The beginning of season it was announced that the ‘fed permitted for hire sector’ got 49 days of season and the rec anglers got 3 mainly because of the non compliant state seasons and the fact that the rec anglers surpassed their ‘limit’ that was set below their real limit by a buffer to account for the fact that NMFS can’t collect good data from the rec sector. Keep in mind that a fed permitted for hire vessel can’t keep a fish when its closed in fed waters even when in state waters where it’s opened. That is why the rec sector iis punished for these non compliant state seasons. For example, if the state of LA has a 365 state ARS season but only a 49 day fed season a party boat or charter boat with fed permits there can only fish 49 days while the private boat owner can go enjoy 365 days in state waters. 

The department of commerce and senate went over the heads of NOAAs NMFS gulf council to lengthen the 3 day rec sector to a lucrative weekend style rally fishery starting July 16th until sept 4th. This in my opinion was very cool (even though it didn’t help my business and could actually severly penalize it if NOAA decides to spite us next year).
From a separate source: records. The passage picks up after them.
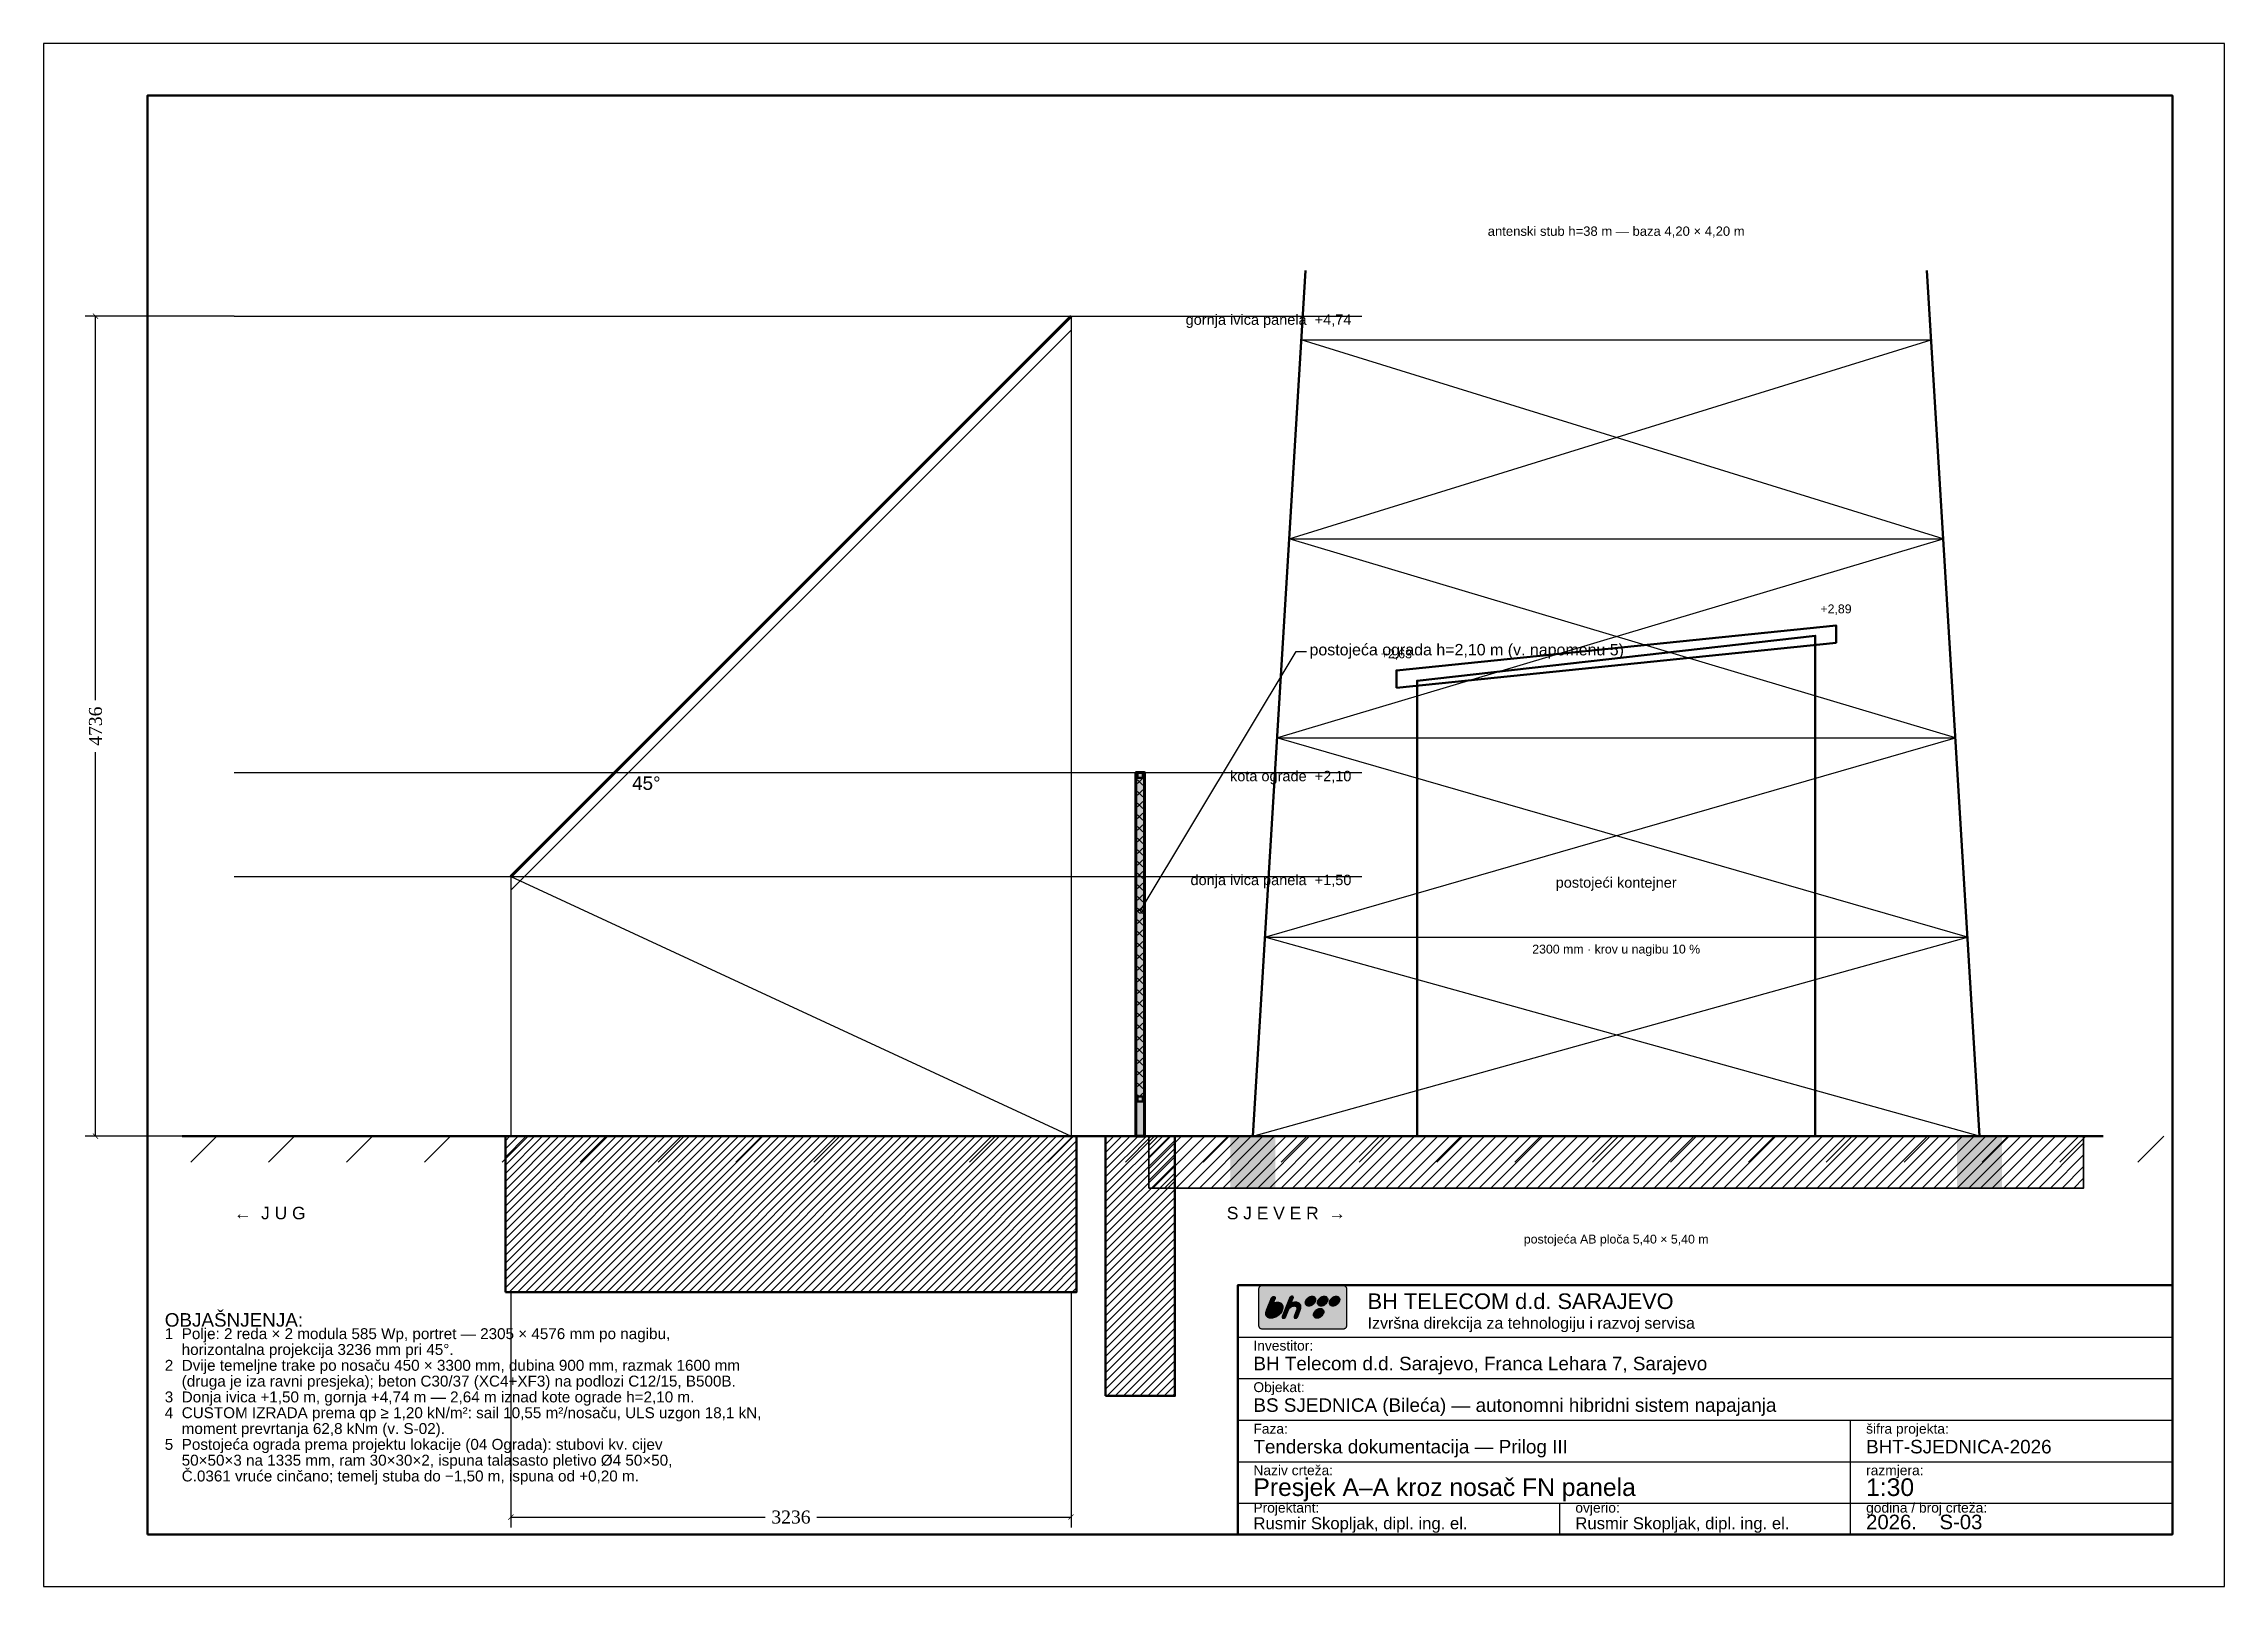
# Model space of a CAD drawing. Header units: millimetres. Extents: x 0 to 12600, y 0 to 8910.
import ezdxf
from ezdxf.enums import TextEntityAlignment as Align

# ---------------------------------------------------------------- set-up
doc = ezdxf.new("R2010")
doc.units = ezdxf.units.MM
for name, color, linetype in [('Izvod', 253, 'Continuous'), ('Konstrukcija', 5, 'Continuous'), ('Kota_tekst', 7, 'Continuous'), ('Kote', 7, 'Continuous'), ('Objekat', 6, 'Continuous'), ('Ograda', 8, 'Continuous'), ('Okvir', 3, 'Continuous'), ('Orijentacija', 1, 'Continuous'), ('Panel', 110, 'Continuous'), ('Sakriveno', 15, 'Continuous'), ('Tekst', 253, 'Continuous'), ('Temelj', 32, 'Continuous')]:
    doc.layers.add(name, color=color, linetype=linetype)
doc.styles.add('20', font='arial.ttf')
doc.styles.get("Standard").update_dxf_attribs({"font": 'times.ttf'})
doc.dimstyles.new('M 30', dxfattribs={"dimscale": 30, "dimtxt": 2.5, "dimasz": 1, "dimexe": 2, "dimexo": 0, "dimtad": 1, "dimdec": 0, "dimtxsty": 'Standard', "dimblk": 'ARCHTICK', "dimcen": 2.5, "dimazin": 3, "dimtfac": 1, "dimtmove": 0, "dimatfit": 3, "dimarcsym": 0})

# ---------------------------------------------------------------- blocks, each defined once
blk = doc.blocks.new('_ARCHTICK')
at = {"color": 0, "linetype": 'ByBlock', "const_width": 0.15}
blk.add_lwpolyline([(-0.5, -0.5), (0.5, 0.5)], dxfattribs=at)
blk = doc.blocks.new('*D3')
for p, q in [((2700, 1700), (2700, 340)), ((5936, 1700), (5936, 340)), ((2700, 400), (4168, 400)), ((4468, 400), (5936, 400))]:
    blk.add_line(p, q)
at = {"layer": 'Defpoints'}
for p in [(2700, 1700), (5936, 1700), (2700, 400)]:
    blk.add_point(p, dxfattribs=at)
at = {"layer": 'Kote', "xscale": 30, "yscale": 30, "rotation": 180}
blk.add_blockref('_ARCHTICK', (2700, 400), dxfattribs=at)
at = {"layer": 'Kote', "xscale": 30, "yscale": 30}
blk.add_blockref('_ARCHTICK', (5936, 400), dxfattribs=at)
at = {"layer": 'Kote', "insert": (4318, 400), "char_height": 75, "attachment_point": 5}
blk.add_mtext('3236', dxfattribs=at)
blk = doc.blocks.new('*D4')
for p, q in [((1100, 7336), (240, 7336)), ((300, 5118), (300, 7336)), ((300, 2600), (300, 4818)), ((1100, 2600), (240, 2600))]:
    blk.add_line(p, q)
at = {"layer": 'Defpoints'}
for p in [(1100, 7336), (300, 2600), (1100, 2600)]:
    blk.add_point(p, dxfattribs=at)
at = {"layer": 'Kote', "xscale": 30, "yscale": 30}
for p, rotation in [((300, 7336), 90), ((300, 2600), 270)]:
    blk.add_blockref('_ARCHTICK', p, dxfattribs=dict(at, rotation=rotation))
at = {"layer": 'Kote', "insert": (300, 4968), "char_height": 75, "attachment_point": 5, "rotation": 90}
blk.add_mtext('4736', dxfattribs=at)

msp = doc.modelspace()

# ---------------------------------------------------------------- hatches: boundary and pattern name
at = {"layer": 'Konstrukcija'}
for points in [[(6856, 2300), (7116, 2300), (7116, 2600), (6856, 2600)], [(11056, 2300), (11316, 2300), (11316, 2600), (11056, 2600)]]:
    msp.add_hatch(color=5, dxfattribs=at).paths.add_polyline_path(points)
at = {"layer": 'Objekat'}
h = msp.add_hatch(dxfattribs=at)
h.set_pattern_fill('ANSI31', scale=15)
h.paths.add_polyline_path([(6386, 2300), (11786, 2300), (11786, 2600), (6386, 2600)])
at = {"layer": 'Ograda'}
msp.add_hatch(color=8, dxfattribs=at).paths.add_polyline_path([(6311, 2600), (6361, 2600), (6361, 4700), (6311, 4700)])
h = msp.add_hatch(dxfattribs=at)
h.set_pattern_fill('ANSI37', scale=15)
h.paths.add_polyline_path([(6321, 2830), (6351, 2830), (6351, 4670), (6321, 4670)])
h = msp.add_hatch(dxfattribs=at)
h.set_pattern_fill('ANSI31', scale=10.5)
h.paths.add_polyline_path([(6136, 1100), (6536, 1100), (6536, 2600), (6136, 2600)])
at = {"layer": 'Okvir'}
for color, points in [(30, [(7038.3, 1488), (7511.7, 1488), (7514.2, 1488.2), (7516.6, 1488.7), (7518.8, 1489.6), (7520.9, 1490.7), (7522.9, 1492.1), (7524.6, 1493.8), (7526.2, 1495.7), (7527.5, 1497.8), (7528.6, 1500.1), (7529.3, 1502.6), (7529.8, 1505.2), (7530, 1507.8), (7530, 1716.2), (7529.8, 1718.9), (7529.3, 1721.4), (7528.6, 1723.9), (7527.5, 1726.2), (7526.2, 1728.3), (7524.6, 1730.2), (7522.9, 1731.9), (7520.9, 1733.3), (7518.8, 1734.5), (7516.6, 1735.3), (7514.2, 1735.8), (7511.7, 1736), (7038.3, 1736), (7035.8, 1735.8), (7033.4, 1735.3), (7031.2, 1734.5), (7029.1, 1733.3), (7027.1, 1731.9), (7025.4, 1730.2), (7023.8, 1728.3), (7022.5, 1726.2), (7021.4, 1723.9), (7020.7, 1721.4), (7020.2, 1718.9), (7020, 1716.2), (7020, 1507.8), (7020.2, 1505.2), (7020.7, 1502.6), (7021.4, 1500.1), (7022.5, 1497.8), (7023.8, 1495.7), (7025.4, 1493.8), (7027.1, 1492.1), (7029.1, 1490.7), (7031.2, 1489.6), (7033.4, 1488.7), (7035.8, 1488.2)]), (7, [(7156.3, 1594.8), (7153.4, 1588.3), (7149.8, 1582.1), (7145.7, 1576.3), (7141.2, 1570.9), (7136.1, 1566), (7130.7, 1561.7), (7125, 1557.8), (7118.9, 1554.6), (7112.6, 1552), (7106.1, 1550.1), (7099.4, 1549), (7092.7, 1548.6), (7089.2, 1548.6), (7086, 1548.9), (7083, 1549.4), (7080.2, 1550), (7077.6, 1550.9), (7075.2, 1551.9), (7072.9, 1553.1), (7070.9, 1554.4), (7069, 1556), (7067.3, 1557.7), (7065.9, 1559.6), (7064.5, 1561.6), (7063.2, 1564.5), (7062.3, 1567.5), (7061.7, 1570.4), (7061.5, 1573.5), (7061.6, 1576.5), (7061.9, 1579.6), (7062.4, 1582.8), (7063.2, 1586.1), (7064.2, 1589.4), (7065.3, 1592.7), (7066.5, 1596.2), (7067.9, 1599.7), (7067.9, 1599.7), (7067.9, 1599.7), (7067.9, 1599.7), (7067.9, 1599.8), (7067.9, 1599.8), (7067.9, 1599.8), (7067.9, 1599.9), (7067.9, 1599.9), (7067.9, 1600), (7068, 1600), (7068, 1600.1), (7068.1, 1600.1), (7069.6, 1604.2), (7090.5, 1656.7), (7092.9, 1663.2), (7093.3, 1664), (7093.7, 1664.9), (7094.1, 1665.6), (7094.6, 1666.4), (7095.1, 1667.1), (7095.7, 1667.8), (7096.3, 1668.4), (7096.9, 1669.1), (7097.5, 1669.7), (7098.2, 1670.3), (7098.9, 1670.8), (7099.7, 1671.4), (7100.3, 1671.8), (7101, 1672.2), (7101.7, 1672.5), (7102.3, 1672.9), (7103, 1673.2), (7103.7, 1673.4), (7104.5, 1673.6), (7105.2, 1673.8), (7105.9, 1673.9), (7106.6, 1674), (7107.4, 1674.1), (7108.1, 1674.1), (7108.8, 1674.1), (7109.5, 1674), (7110.2, 1673.9), (7110.8, 1673.8), (7111.4, 1673.6), (7112, 1673.4), (7112.5, 1673.1), (7113, 1672.8), (7113.4, 1672.5), (7113.9, 1672.1), (7114.2, 1671.7), (7114.5, 1671.2), (7114.8, 1670.7), (7115.1, 1670.2), (7115.3, 1669.6), (7115.5, 1669), (7115.5, 1668.4), (7115.6, 1667.8), (7115.6, 1667.1), (7115.5, 1666.4), (7115.4, 1665.6), (7115.2, 1664.9), (7115, 1664), (7114.7, 1663.2), (7112.2, 1656.9), (7112.2, 1656.9), (7112.2, 1656.9), (7112.2, 1656.9), (7112.2, 1656.9), (7112.2, 1656.9), (7112.2, 1656.9), (7112.2, 1656.9), (7112.2, 1656.9), (7112.2, 1656.8), (7112.2, 1656.8), (7112.2, 1656.8), (7112.2, 1656.7), (7103.2, 1634.5), (7105.3, 1635.5), (7107.4, 1636.4), (7109.6, 1637.2), (7111.7, 1638), (7113.9, 1638.7), (7116.1, 1639.3), (7118.3, 1639.9), (7120.5, 1640.3), (7122.7, 1640.7), (7124.9, 1640.9), (7127.1, 1641.1), (7129.4, 1641.1), (7135.6, 1640.7), (7141.2, 1639.5), (7146.2, 1637.5), (7150.4, 1634.9), (7153.9, 1631.6), (7156.6, 1627.7), (7158.6, 1623.3), (7159.8, 1618.4), (7160.2, 1613), (7159.8, 1607.3), (7158.5, 1601.2)]), (7, [(7233.7, 1641.1), (7231.5, 1641.1), (7229.3, 1640.9), (7227.1, 1640.7), (7224.9, 1640.3), (7222.7, 1639.9), (7220.5, 1639.3), (7218.4, 1638.7), (7216.3, 1638), (7214.1, 1637.2), (7212, 1636.4), (7209.9, 1635.5), (7207.9, 1634.5), (7210.2, 1640.7), (7219.8, 1664.5), (7220.1, 1665.4), (7220.4, 1666.2), (7220.6, 1666.9), (7220.7, 1667.7), (7220.8, 1668.4), (7220.8, 1669.1), (7220.7, 1669.7), (7220.6, 1670.3), (7220.5, 1670.9), (7220.2, 1671.5), (7220, 1672), (7219.6, 1672.6), (7219.3, 1673), (7218.9, 1673.4), (7218.5, 1673.8), (7218.1, 1674.2), (7217.6, 1674.5), (7217, 1674.7), (7216.5, 1675), (7215.9, 1675.2), (7215.2, 1675.3), (7214.6, 1675.4), (7213.9, 1675.5), (7213.2, 1675.5), (7212.4, 1675.5), (7211.7, 1675.4), (7211, 1675.3), (7210.3, 1675.2), (7209.6, 1675), (7208.9, 1674.8), (7208.2, 1674.5), (7207.5, 1674.2), (7206.8, 1673.9), (7206.1, 1673.6), (7205.4, 1673.2), (7204.8, 1672.7), (7204, 1672.2), (7203.3, 1671.6), (7202.6, 1671), (7201.9, 1670.4), (7201.3, 1669.8), (7200.8, 1669.1), (7200.2, 1668.4), (7199.7, 1667.7), (7199.3, 1666.9), (7198.9, 1666.2), (7198.5, 1665.4), (7198.1, 1664.5), (7156.5, 1559.3), (7156.2, 1558.5), (7156, 1557.7), (7155.8, 1556.9), (7155.7, 1556.2), (7155.6, 1555.5), (7155.6, 1554.8), (7155.6, 1554.1), (7155.8, 1553.5), (7155.9, 1552.9), (7156.1, 1552.3), (7156.4, 1551.8), (7156.7, 1551.3), (7157.1, 1550.9), (7157.5, 1550.5), (7157.9, 1550.1), (7158.3, 1549.8), (7158.8, 1549.5), (7159.4, 1549.3), (7159.9, 1549), (7160.5, 1548.9), (7161.1, 1548.7), (7161.8, 1548.6), (7162.4, 1548.6), (7163.2, 1548.6), (7163.9, 1548.6), (7164.6, 1548.6), (7165.3, 1548.7), (7166, 1548.9), (7166.7, 1549), (7167.5, 1549.3), (7168.2, 1549.5), (7168.9, 1549.8), (7169.6, 1550.1), (7170.4, 1550.5), (7171.1, 1550.9), (7171.8, 1551.3), (7172.5, 1551.8), (7173.2, 1552.3), (7173.8, 1552.9), (7174.4, 1553.5), (7175, 1554.1), (7175.6, 1554.8), (7176.1, 1555.5), (7176.6, 1556.2), (7177, 1556.9), (7177.4, 1557.7), (7177.8, 1558.5), (7178.2, 1559.3), (7193.4, 1598), (7195.1, 1601), (7197, 1603.8), (7199.1, 1606.5), (7201.5, 1609), (7204, 1611.3), (7206.7, 1613.3), (7209.5, 1615.1), (7212.5, 1616.6), (7215.5, 1617.8), (7218.7, 1618.7), (7221.8, 1619.2), (7225.1, 1619.4), (7228.5, 1619.2), (7231.5, 1618.6), (7234.1, 1617.6), (7236.3, 1616.2), (7238.2, 1614.5), (7239.6, 1612.4), (7240.6, 1610.1), (7241.1, 1607.5), (7241.3, 1604.6), (7241, 1601.5), (7240.3, 1598.3), (7239.1, 1594.8), (7225.5, 1559.5), (7225.1, 1558.6), (7224.9, 1557.8), (7224.7, 1557), (7224.6, 1556.2), (7224.5, 1555.5), (7224.5, 1554.8), (7224.6, 1554.2), (7224.7, 1553.6), (7224.8, 1553), (7225.1, 1552.4), (7225.3, 1551.9), (7225.6, 1551.5), (7226, 1551), (7226.4, 1550.6), (7226.8, 1550.2), (7227.3, 1549.9), (7227.8, 1549.5), (7228.3, 1549.3), (7228.8, 1549.1), (7229.4, 1548.9), (7230, 1548.7), (7230.7, 1548.6), (7231.4, 1548.6), (7232.1, 1548.6), (7232.8, 1548.6), (7233.6, 1548.6), (7234.3, 1548.7), (7235, 1548.9), (7235.8, 1549.1), (7236.5, 1549.3), (7237.2, 1549.5), (7238, 1549.9), (7238.7, 1550.2), (7239.4, 1550.6), (7240.1, 1551), (7240.9, 1551.5), (7241.6, 1551.9), (7242.3, 1552.4), (7242.9, 1553), (7243.5, 1553.6), (7244.1, 1554.2), (7244.7, 1554.8), (7245.2, 1555.5), (7245.6, 1556.2), (7246.1, 1557), (7246.5, 1557.8), (7246.8, 1558.6), (7247.1, 1559.5), (7260.8, 1594.8), (7262.9, 1601.2), (7264.2, 1607.3), (7264.6, 1613), (7264.2, 1618.4), (7263, 1623.3), (7261, 1627.7), (7258.2, 1631.6), (7254.8, 1634.9), (7250.5, 1637.5), (7245.6, 1639.5), (7240, 1640.7)]), (7, [(7329.1, 1675.5), (7332.9, 1675.2), (7336.3, 1674.5), (7339.4, 1673.2), (7342.1, 1671.6), (7344.5, 1669.5), (7346.4, 1667.1), (7347.9, 1664.3), (7348.9, 1661.3), (7349.5, 1658), (7349.5, 1654.5), (7349.1, 1650.8), (7348.1, 1647), (7346.6, 1643.1), (7344.6, 1639.4), (7342.3, 1636), (7339.5, 1632.7), (7336.5, 1629.7), (7333.2, 1627), (7329.7, 1624.6), (7326, 1622.5), (7322.2, 1620.9), (7318.3, 1619.7), (7314.3, 1618.9), (7310.4, 1618.7), (7306.6, 1618.9), (7303.2, 1619.7), (7300.1, 1620.9), (7297.4, 1622.5), (7295, 1624.6), (7293.1, 1627), (7291.6, 1629.7), (7290.6, 1632.7), (7290, 1636), (7289.9, 1639.4), (7290.4, 1643.1), (7291.5, 1647), (7293, 1650.8), (7294.9, 1654.5), (7297.3, 1658), (7300, 1661.3), (7303, 1664.3), (7306.3, 1667.1), (7309.9, 1669.5), (7313.6, 1671.6), (7317.4, 1673.2), (7321.3, 1674.5), (7325.2, 1675.2)]), (7, [(7399.1, 1675.5), (7402.9, 1675.2), (7406.3, 1674.5), (7409.4, 1673.2), (7412.2, 1671.6), (7414.5, 1669.5), (7416.5, 1667.1), (7418, 1664.3), (7419, 1661.3), (7419.6, 1658), (7419.6, 1654.5), (7419.2, 1650.8), (7418.2, 1647), (7416.7, 1643.1), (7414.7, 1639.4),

However, this was the first time ever that the rec angler was able to unite and call enough support and attention to the federal mismanagement and that to me is a HUGE WIN! 

We must all unite as rec, for hire, and commercial anglers to help us further our struggle against this federal mismanagement that is being swayed by special interest groups like PEW, EDF, Oceana, Ocean Conservancy and others to protect the fishery FROM the citizens instead of FOR us… 
If you agree great, if you don’t agree that’s fine too I just want to get my opinion across and call for unity not infighting and please do not think for a second we support sector separation or the catch share systems because we have been against them from the start. Keep in mind we did not participate in that head boat pilot program that gave quota to some select head boats to allow them to fish gags and ars anytime they saw fit. This allocation or catch share style management is just around the corner to becoming real in the for hire charter and head boat industry this is why this petition is praising their management style and rebuilding efforts because they support this future allocation based management. 

Commercial anglers are NOT the issue, they have been fighting for decades longer than us and for them the IFQ system is working because again they are not interested in the opportunity to fish they are all about feeding their families by filling their boxes. Keep in mind we sat by the past few decades as their livehoods were being threatened and their fleets diminished by 1,00% now that NMFS has become civil with them and the IFQ system established now they have turned their attention to the for hire and rec sectors in the past decade with the push for sector separation that allowed them to divide and conquer us and now they are pushing this allocation based management on us like they did in the commercial sector this management style will not preserve our opportunity to fish and isn’t going to work for us rec anglers because again the for hire and rec sectors are all the same we are all rec anglers… again this is all my own opinion.

Hope to see you all at the next NMFS gulf council meetin in san Antonio Texas August 7th-10th I will be there continuing the fight against the perversion of the gulf council to protect the fishery FROM us instead of FOR us. 

Tight lines to you all no matter where you stand, hope to have open access public fishery for generations to come

remember, “If you’re too busy to go fishing, You’re just too busy!”


----------